Phenology-Aware In-Season Yield Estimation Through Multispectral Imagery & Deep Networks
Agricultural productivity is fundamental for global food security amid population growth and climate variability. With an ever-rising demand for sustainable farming, efficient crop monitoring solutions increasingly rely on data-centric approaches and growth simulation techniques. Understanding crop phenology is key to agronomic planning and yield optimization. It involves studying the growth stages of crops and how they interact with environmental conditions. It significantly influences decisions related to irrigation, fertilization, pest control, disease control, and harvesting. Accurate large-scale phenological estimation facilitates optimal resource use, cost reduction, and inter-variety performance analysis. However, traditional approaches such as manual field observations are highly time-consuming. Moreover, they are prone to error and spatial limitations, highlighting the need for scalable and precise phenological monitoring.

Phenology is a fundamental factor influencing yield formation, crop health, and stress response mechanisms. Crop health is closely tied to phenology because different growth stages exhibit varying levels of vulnerability to biotic and abiotic stressors. Flowering and grain-filling stages are particularly susceptible to drought and disease pressure. The ability to precisely track phenological transitions enables agronomists to make decisions that directly impact productivity in high-throughput phenotyping programs. The timing and duration of phenological stages affect the efficiency of critical agronomic interventions, including but not limited to irrigation, fertilization, pest & disease management, and harvest planning. Different growth stages have varying water requirements. Accurate phenology estimation ensures that irrigation is applied at the right time, preventing water stress or overuse. Nutrient demand fluctuates throughout the growing season. A phenology-aware fertilization strategy enhances nutrient uptake efficiency, reducing excess fertilizer application and its environmental impact. Certain phenological stages are more susceptible to pests, diseases, and abiotic stressors. Early detection enables timely preventive measures. Furthermore, harvest timing is critical for maximizing yield quality and minimizing losses. An understanding of phenology ensures optimal scheduling. Given the importance of phenology in yield formation, the ability to estimate these stages non-destructively, accurately, and at scale is highly valuable in agricultural monitoring.

Accurate crop yield prediction is one of the most sought-after goals in agricultural research and farming. Traditional yield estimation methods primarily rely on two things: (1) statistical models that do not adapt well to current climatic variations and (2) final-stage yield assessments, which only provide relevant information after harvest. In-season yield estimation, however, enables dynamic decision-making, allowing farmers and policymakers to predict and optimize yield outcomes before harvest. Estimating yield at various growth stages helps identify crop stress early and also supports better resource use and supply chain planning. Detecting yield-affecting stress factors (drought, nutrient deficiencies, pest infestations) in real-time enables timely interventions. Farmers can adjust fertilizer, pesticide, and irrigation applications based on yield forecasts, reducing waste and costs. Governments, exporters, and agribusinesses can forecast grain production, helping in trade and storage decisions. To improve in-season yield estimation, it is critical to incorporate phenological information, as different stages contribute differently to final grain formation. By integrating phenology-aware features into yield models, more robust, generalizable, and high-precision predictions are made possible.

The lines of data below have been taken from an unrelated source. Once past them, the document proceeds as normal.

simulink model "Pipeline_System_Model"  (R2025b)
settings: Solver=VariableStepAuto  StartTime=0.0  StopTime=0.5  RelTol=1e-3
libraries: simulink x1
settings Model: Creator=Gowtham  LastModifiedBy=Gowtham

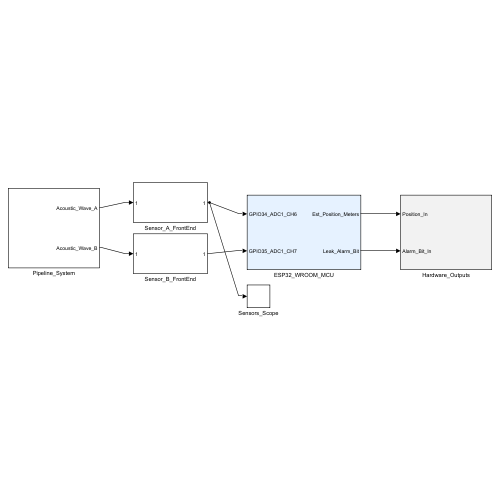
[thumbnail: Simulink's stored preview of the top-level diagram]
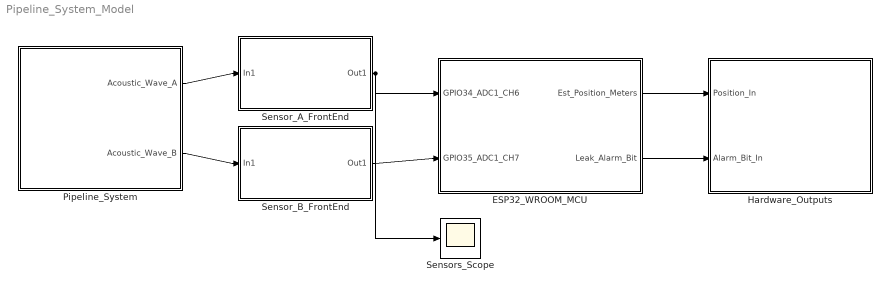
== system Pipeline_System_Model ==
  ESP32_WROOM_MCU : Subsystem
  Hardware_Outputs : Subsystem
  Pipeline_System : Subsystem
  Sensor_A_FrontEnd : Subsystem
  Sensor_B_FrontEnd : Subsystem
  Sensors_Scope : Scope
  wires:
  Pipeline_System/1(Acoustic_Wave_A) -> Sensor_A_FrontEnd/1(In1)
  Pipeline_System/2(Acoustic_Wave_B) -> Sensor_B_FrontEnd/1(In1)
  Sensor_A_FrontEnd/1(Out1) -> ESP32_WROOM_MCU/1(GPIO34_ADC1_CH6), Sensors_Scope/1
  Sensor_B_FrontEnd/1(Out1) -> ESP32_WROOM_MCU/2(GPIO35_ADC1_CH7)
  ESP32_WROOM_MCU/1(Est_Position_Meters) -> Hardware_Outputs/1(Position_In)
  ESP32_WROOM_MCU/2(Leak_Alarm_Bit) -> Hardware_Outputs/2(Alarm_Bit_In)

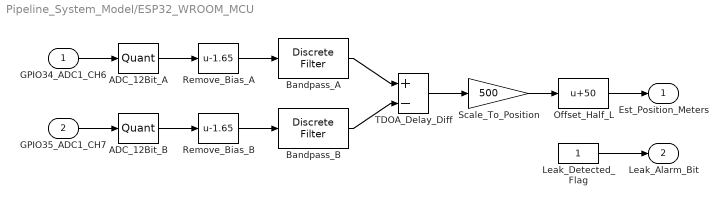
== system Pipeline_System_Model/ESP32_WROOM_MCU ==
  GPIO34_ADC1_CH6 : Inport
  GPIO35_ADC1_CH7 : Inport  Port=2
  ADC_12Bit_A : Quantizer  QuantizationInterval=3.3/4095
  ADC_12Bit_B : Quantizer  QuantizationInterval=3.3/4095
  Bandpass_A : DiscreteFilter
  Bandpass_B : DiscreteFilter
  Leak_Detected_Flag : Constant
  Offset_Half_L : Bias  Bias=50  SaturateOnIntegerOverflow=off
  Remove_Bias_A : Bias  Bias=-1.65  SaturateOnIntegerOverflow=off
  Remove_Bias_B : Bias  Bias=-1.65  SaturateOnIntegerOverflow=off
  Scale_To_Position : Gain  Gain=500
  TDOA_Delay_Diff : Sum  Inputs=+-
  Est_Position_Meters : Outport
  Leak_Alarm_Bit : Outport  Port=2
  wires:
  GPIO34_ADC1_CH6/1 -> ADC_12Bit_A/1
  GPIO35_ADC1_CH7/1 -> ADC_12Bit_B/1
  ADC_12Bit_A/1 -> Remove_Bias_A/1
  ADC_12Bit_B/1 -> Remove_Bias_B/1
  Remove_Bias_A/1 -> Bandpass_A/1
  Remove_Bias_B/1 -> Bandpass_B/1
  Bandpass_A/1 -> TDOA_Delay_Diff/1
  Bandpass_B/1 -> TDOA_Delay_Diff/2
  TDOA_Delay_Diff/1 -> Scale_To_Position/1
  Scale_To_Position/1 -> Offset_Half_L/1
  Offset_Half_L/1 -> Est_Position_Meters/1
  Leak_Detected_Flag/1 -> Leak_Alarm_Bit/1

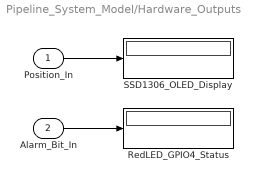
== system Pipeline_System_Model/Hardware_Outputs ==
  Position_In : Inport
  Alarm_Bit_In : Inport  Port=2
  RedLED_GPIO4_Status : Display
  SSD1306_OLED_Display : Display
  wires:
  Position_In/1 -> SSD1306_OLED_Display/1
  Alarm_Bit_In/1 -> RedLED_GPIO4_Status/1

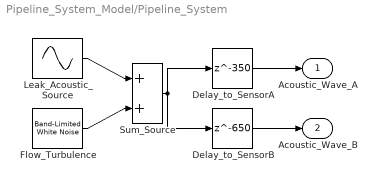
== system Pipeline_System_Model/Pipeline_System ==
  Delay_to_SensorA : Delay  DelayLength=350
  Delay_to_SensorB : Delay  DelayLength=650
  Flow_Turbulence : simulink/Sources/Band-Limited White Noise  Cov=0.001  Ts=0.0001  seed=[23341]
  Leak_Acoustic_Source : Sin  Amplitude=0.5  Frequency=2*pi*850  SampleTime=0
  Sum_Source : Sum
  Acoustic_Wave_A : Outport
  Acoustic_Wave_B : Outport  Port=2
  wires:
  Leak_Acoustic_Source/1 -> Sum_Source/1
  Flow_Turbulence/1 -> Sum_Source/2
  Sum_Source/1 -> Delay_to_SensorA/1, Delay_to_SensorB/1
  Delay_to_SensorA/1 -> Acoustic_Wave_A/1
  Delay_to_SensorB/1 -> Acoustic_Wave_B/1

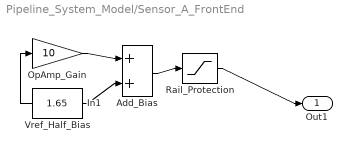
== system Pipeline_System_Model/Sensor_A_FrontEnd ==
  In1 : Inport
  Add_Bias : Sum
  OpAmp_Gain : Gain  Gain=10
  Rail_Protection : Saturate  UpperLimit=3.3  LowerLimit=0.0
  Vref_Half_Bias : Constant  Value=1.65
  Out1 : Outport
  wires:
  In1/1 -> OpAmp_Gain/1
  OpAmp_Gain/1 -> Add_Bias/1
  Vref_Half_Bias/1 -> Add_Bias/2
  Add_Bias/1 -> Rail_Protection/1
  Rail_Protection/1 -> Out1/1

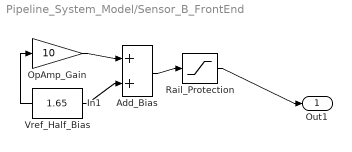
== system Pipeline_System_Model/Sensor_B_FrontEnd ==
  In1 : Inport
  Add_Bias : Sum
  OpAmp_Gain : Gain  Gain=10
  Rail_Protection : Saturate  UpperLimit=3.3  LowerLimit=0.0
  Vref_Half_Bias : Constant  Value=1.65
  Out1 : Outport
  wires:
  In1/1 -> OpAmp_Gain/1
  OpAmp_Gain/1 -> Add_Bias/1
  Vref_Half_Bias/1 -> Add_Bias/2
  Add_Bias/1 -> Rail_Protection/1
  Rail_Protection/1 -> Out1/1

Traditional phenology assessment and yield forecasting methods face scalability challenges. They also lack spatial consistency across large landscapes. Satellite imagery provides broad coverage but lacks the spatio-temporal resolution for fine-scale phenological variations. Conventional models rely on historical yield records and limited vegetation indices. These models overlook real-time crop progression and show poor adaptability to unseen regions and varying climatic scenarios. Existing yield estimation methods often treat crop development as static, ignoring phenological transitions, which are critical to yield formation. UAV-based phenology-driven yield estimation remains underexplored, with most work focusing on spectral indices while neglecting structural traits. To address these gaps, this paper proposes a phenology-aware, in-season yield estimation framework using UAV multispectral imagery and deep neural models. The proposed approach automates phenological mapping, improves in-season yield forecasting, and segments wheat heads for more reliable grain count estimation.

The main contributions of this work are: (i) Developing a novel deep network, SPARC (Spatial Phenology Attention and Feature Cross), which captures spatial and cross-feature dependencies to estimate phenological stages from UAV-derived vegetation indices and structural features, (ii) Implementing semi-automated wheat head segmentation using SAM 2-generated masks and a fine-tuned U-Net model for accurate estimation of head coverage and density across plots, (iii) Extracting both phenological and morphological features at the plot level and demonstrating their combined utility in improving in-season yield estimation over conventional spectral-based approaches, and (iv) Validating the proposed pipeline using data collected over 18 timestamps throughout a full wheat growing season. These contributions demonstrate how the combination of phenological and morphological traits can enable scalable and accurate in-season yield estimation.